Reproduce every line of the listing as written, apart from the pictures.

(Beginning of DATASET EXCERPTS)

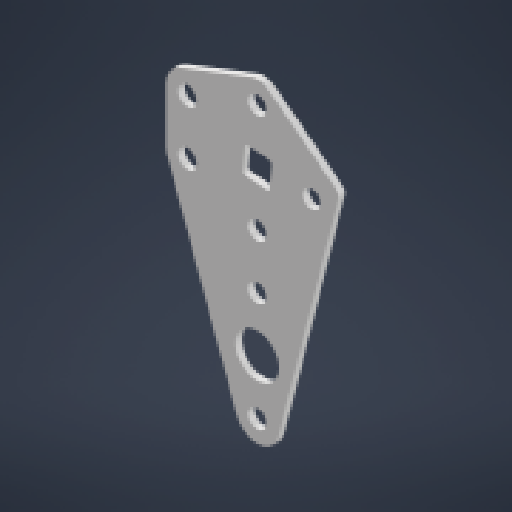
# Autodesk Inventor part: coffin-v2
Saved by Autodesk Inventor 2023.2 (Build 272271000, 271)
## iProperties
Created: 2023-04-01
Part Number: coffin-v2
Material: Generic
Document SubType Name: Modeling
Designer: Liam
Density: 1 g/cm^3
Appearance: Default
Author: Liam
Autodesk Inventor part; units mm, degrees
ref_plane "YZ Plane" through (0, 0, 0) normal (1, 0, 0) x (0, 1, 0)
ref_plane "XZ Plane" through (0, 0, 0) normal (0, 1, 0) x (-1, 0, 0)
ref_plane "XY Plane" through (0, 0, 0) normal (0, 0, 1) x (1, 0, 0)
sketch "Sketch1" plane through (0, 0, 0) normal (0, 0, 1) x (1, 0, 0)
  line L0 (36.3823, 2.8212) -> (22.3659, -52.0571)
  arc A0 (12.6742, -52.5484) -> (22.3659, -52.0571) centre (17.4439, -50.8) ccw
  line L1 (12.6742, -52.5484) -> (-3.6199, -8.0984)
  arc A1 (-3.9302, -6.35) -> (-3.6199, -8.0984) centre (1.1498, -6.35) ccw
  line L2 (-3.9302, -6.35) -> (-3.9302, 6.35)
  arc A2 (-0.6948, 11.0833) -> (-3.9302, 6.35) centre (1.1498, 6.35) ccw
  line L3 (-0.6948, 11.0833) -> (15.5993, 17.4333)
  arc A3 (20.8415, 2.2589) -> (20.2651, 2.9475) centre (20.209, 2.315) ccw
  line L4 (20.2651, 2.9475) -> (15.185, 3.3976)
  arc A4 (15.185, 3.3976) -> (14.4964, 2.8212) centre (15.1289, 2.7651) ccw
  line L5 (14.4964, 2.8212) -> (14.0462, -2.2589)
  arc A5 (14.0462, -2.2589) -> (14.6227, -2.9475) centre (14.6788, -2.315) ccw
  line L6 (14.6227, -2.9475) -> (19.7028, -3.3976)
  arc A6 (19.7028, -3.3976) -> (20.3914, -2.8212) centre (19.7589, -2.7651) ccw
  line L7 (20.3914, -2.8212) -> (20.8415, 2.2589)
  circle A7 centre (17.4439, -38.1) radius 5.08
  circle A8 centre (17.4439, -25.4) radius 2.1082
  circle A9 centre (17.4439, -12.7) radius 2.1082
  circle A10 centre (30.1439, 0) radius 2.1082
  circle A11 centre (17.4439, 12.7) radius 2.1082
  circle A12 centre (1.1498, 6.35) radius 2.1844
  circle A13 centre (1.1498, -6.35) radius 2.1844
  circle A14 centre (17.4439, -50.8) radius 2.0955
  line L8 (21.036, 16.2921) -> (34.5847, 5.9063)
  spline S0 degree 4 poles (15.5993, 17.4333) (16.2989, 17.7059) (17.6982, 18.2512) (19.3014, 17.6218) (20.4578, 16.7353) (21.036, 16.2921) knots 0 0 0 0 0 0.5 1 1 1 1 1
  line L9 (15.5993, 17.4333) -> (16.2989, 17.7059) construction
  line L10 (16.2989, 17.7059) -> (17.6982, 18.2512) construction
  line L11 (17.6982, 18.2512) -> (19.3014, 17.6218) construction
  line L12 (19.3014, 17.6218) -> (20.4578, 16.7353) construction
  line L13 (20.4578, 16.7353) -> (21.036, 16.2921) construction
  spline S1 degree 4 poles (34.5847, 5.9063) (34.9521, 5.6246) (35.6871, 5.0612) (36.7613, 4.305) (36.5086, 3.3158) (36.3823, 2.8212) knots 0 0 0 0 0 0.5 1 1 1 1 1
  point P0 (-3.9302, 6.35)
  point P1 (-3.9302, -6.35)
  point P2 (-3.6199, -8.0984)
  point P3 (12.6742, -52.5484)
  point P4 (21.7462, -53.5011)
  point P5 (21.0356, 16.2924)
  point P6 (15.5996, 17.4334)
  point P7 (20.8415, 2.2589)
  point P8 (20.3914, -2.8212)
  point P9 (14.6227, -2.9475)
  point P10 (14.4964, 2.8212)
  point P11 (20.2651, 2.9475)
  dimension "d0" = 4.3688
  dimension "d1" = 4.3688
  dimension "d2" = 4.2164
  dimension "d3" = 4.2164
  dimension "d5" = 4.2164
  dimension "d6" = 4.2164
  dimension "d7" = 10.16
  dimension "d8" = 4.191
  constraints: 18 end point, 15 centre point, 14 point on circle, 1 tangent, 32 other
  measures "d0" diameter of A12
  measures "d1" diameter of A13
  measures "d2" diameter of A11
  measures "d3" diameter of A10
  measures "d5" diameter of A9
  measures "d6" diameter of A8
  measures "d7" diameter of A7
  measures "d8" diameter of A14
extrude "Extrusion1" add sketch "Sketch1" along normal blind 1.524
body "Solid1"

(End of DATASET EXCERPTS)

_SOLVED EXERCISE_.
# Autodesk Inventor part: coffin-v2
Saved by Autodesk Inventor 2023.2 (Build 272271000, 271)
## iProperties
Created: 2023-04-01
Part Number: coffin-v2
Material: Generic
Document SubType Name: Modeling
Designer: Liam
Density: 1 g/cm^3
Appearance: Default
Author: Liam
Autodesk Inventor part; units mm, degrees
ref_plane "YZ Plane" through (0, 0, 0) normal (1, 0, 0) x (0, 1, 0)
ref_plane "XZ Plane" through (0, 0, 0) normal (0, 1, 0) x (-1, 0, 0)
ref_plane "XY Plane" through (0, 0, 0) normal (0, 0, 1) x (1, 0, 0)
sketch "Sketch1" plane through (0, 0, 0) normal (0, 0, 1) x (1, 0, 0)
  line L0 (36.3823, 2.8212) -> (22.3659, -52.0571)
  arc A0 (12.6742, -52.5484) -> (22.3659, -52.0571) centre (17.4439, -50.8) ccw
  line L1 (12.6742, -52.5484) -> (-3.6199, -8.0984)
  arc A1 (-3.9302, -6.35) -> (-3.6199, -8.0984) centre (1.1498, -6.35) ccw
  line L2 (-3.9302, -6.35) -> (-3.9302, 6.35)
  arc A2 (-0.6948, 11.0833) -> (-3.9302, 6.35) centre (1.1498, 6.35) ccw
  line L3 (-0.6948, 11.0833) -> (15.5993, 17.4333)
  arc A3 (20.8415, 2.2589) -> (20.2651, 2.9475) centre (20.209, 2.315) ccw
  line L4 (20.2651, 2.9475) -> (15.185, 3.3976)
  arc A4 (15.185, 3.3976) -> (14.4964, 2.8212) centre (15.1289, 2.7651) ccw
  line L5 (14.4964, 2.8212) -> (14.0462, -2.2589)
  arc A5 (14.0462, -2.2589) -> (14.6227, -2.9475) centre (14.6788, -2.315) ccw
  line L6 (14.6227, -2.9475) -> (19.7028, -3.3976)
  arc A6 (19.7028, -3.3976) -> (20.3914, -2.8212) centre (19.7589, -2.7651) ccw
  line L7 (20.3914, -2.8212) -> (20.8415, 2.2589)
  circle A7 centre (17.4439, -38.1) radius 5.08
  circle A8 centre (17.4439, -25.4) radius 2.1082
  circle A9 centre (17.4439, -12.7) radius 2.1082
  circle A10 centre (30.1439, 0) radius 2.1082
  circle A11 centre (17.4439, 12.7) radius 2.1082
  circle A12 centre (1.1498, 6.35) radius 2.1844
  circle A13 centre (1.1498, -6.35) radius 2.1844
  circle A14 centre (17.4439, -50.8) radius 2.0955
  line L8 (21.036, 16.2921) -> (34.5847, 5.9063)
  spline S0 degree 4 poles (15.5993, 17.4333) (16.2989, 17.7059) (17.6982, 18.2512) (19.3014, 17.6218) (20.4578, 16.7353) (21.036, 16.2921) knots 0 0 0 0 0 0.5 1 1 1 1 1
  line L9 (15.5993, 17.4333) -> (16.2989, 17.7059) construction
  line L10 (16.2989, 17.7059) -> (17.6982, 18.2512) construction
  line L11 (17.6982, 18.2512) -> (19.3014, 17.6218) construction
  line L12 (19.3014, 17.6218) -> (20.4578, 16.7353) construction
  line L13 (20.4578, 16.7353) -> (21.036, 16.2921) construction
  spline S1 degree 4 poles (34.5847, 5.9063) (34.9521, 5.6246) (35.6871, 5.0612) (36.7613, 4.305) (36.5086, 3.3158) (36.3823, 2.8212) knots 0 0 0 0 0 0.5 1 1 1 1 1
  point P0 (-3.9302, 6.35)
  point P1 (-3.9302, -6.35)
  point P2 (-3.6199, -8.0984)
  point P3 (12.6742, -52.5484)
  point P4 (21.7462, -53.5011)
  point P5 (21.0356, 16.2924)
  point P6 (15.5996, 17.4334)
  point P7 (20.8415, 2.2589)
  point P8 (20.3914, -2.8212)
  point P9 (14.6227, -2.9475)
  point P10 (14.4964, 2.8212)
  point P11 (20.2651, 2.9475)
  dimension "d0" = 4.3688
  dimension "d1" = 4.3688
  dimension "d2" = 4.2164
  dimension "d3" = 4.2164
  dimension "d5" = 4.2164
  dimension "d6" = 4.2164
  dimension "d7" = 10.16
  dimension "d8" = 4.191
  constraints: 18 end point, 15 centre point, 14 point on circle, 1 tangent, 32 other
  measures "d0" diameter of A12
  measures "d1" diameter of A13
  measures "d2" diameter of A11
  measures "d3" diameter of A10
  measures "d5" diameter of A9
  measures "d6" diameter of A8
  measures "d7" diameter of A7
  measures "d8" diameter of A14
extrude "Extrusion1" add sketch "Sketch1" along normal blind 1.524
body "Solid1"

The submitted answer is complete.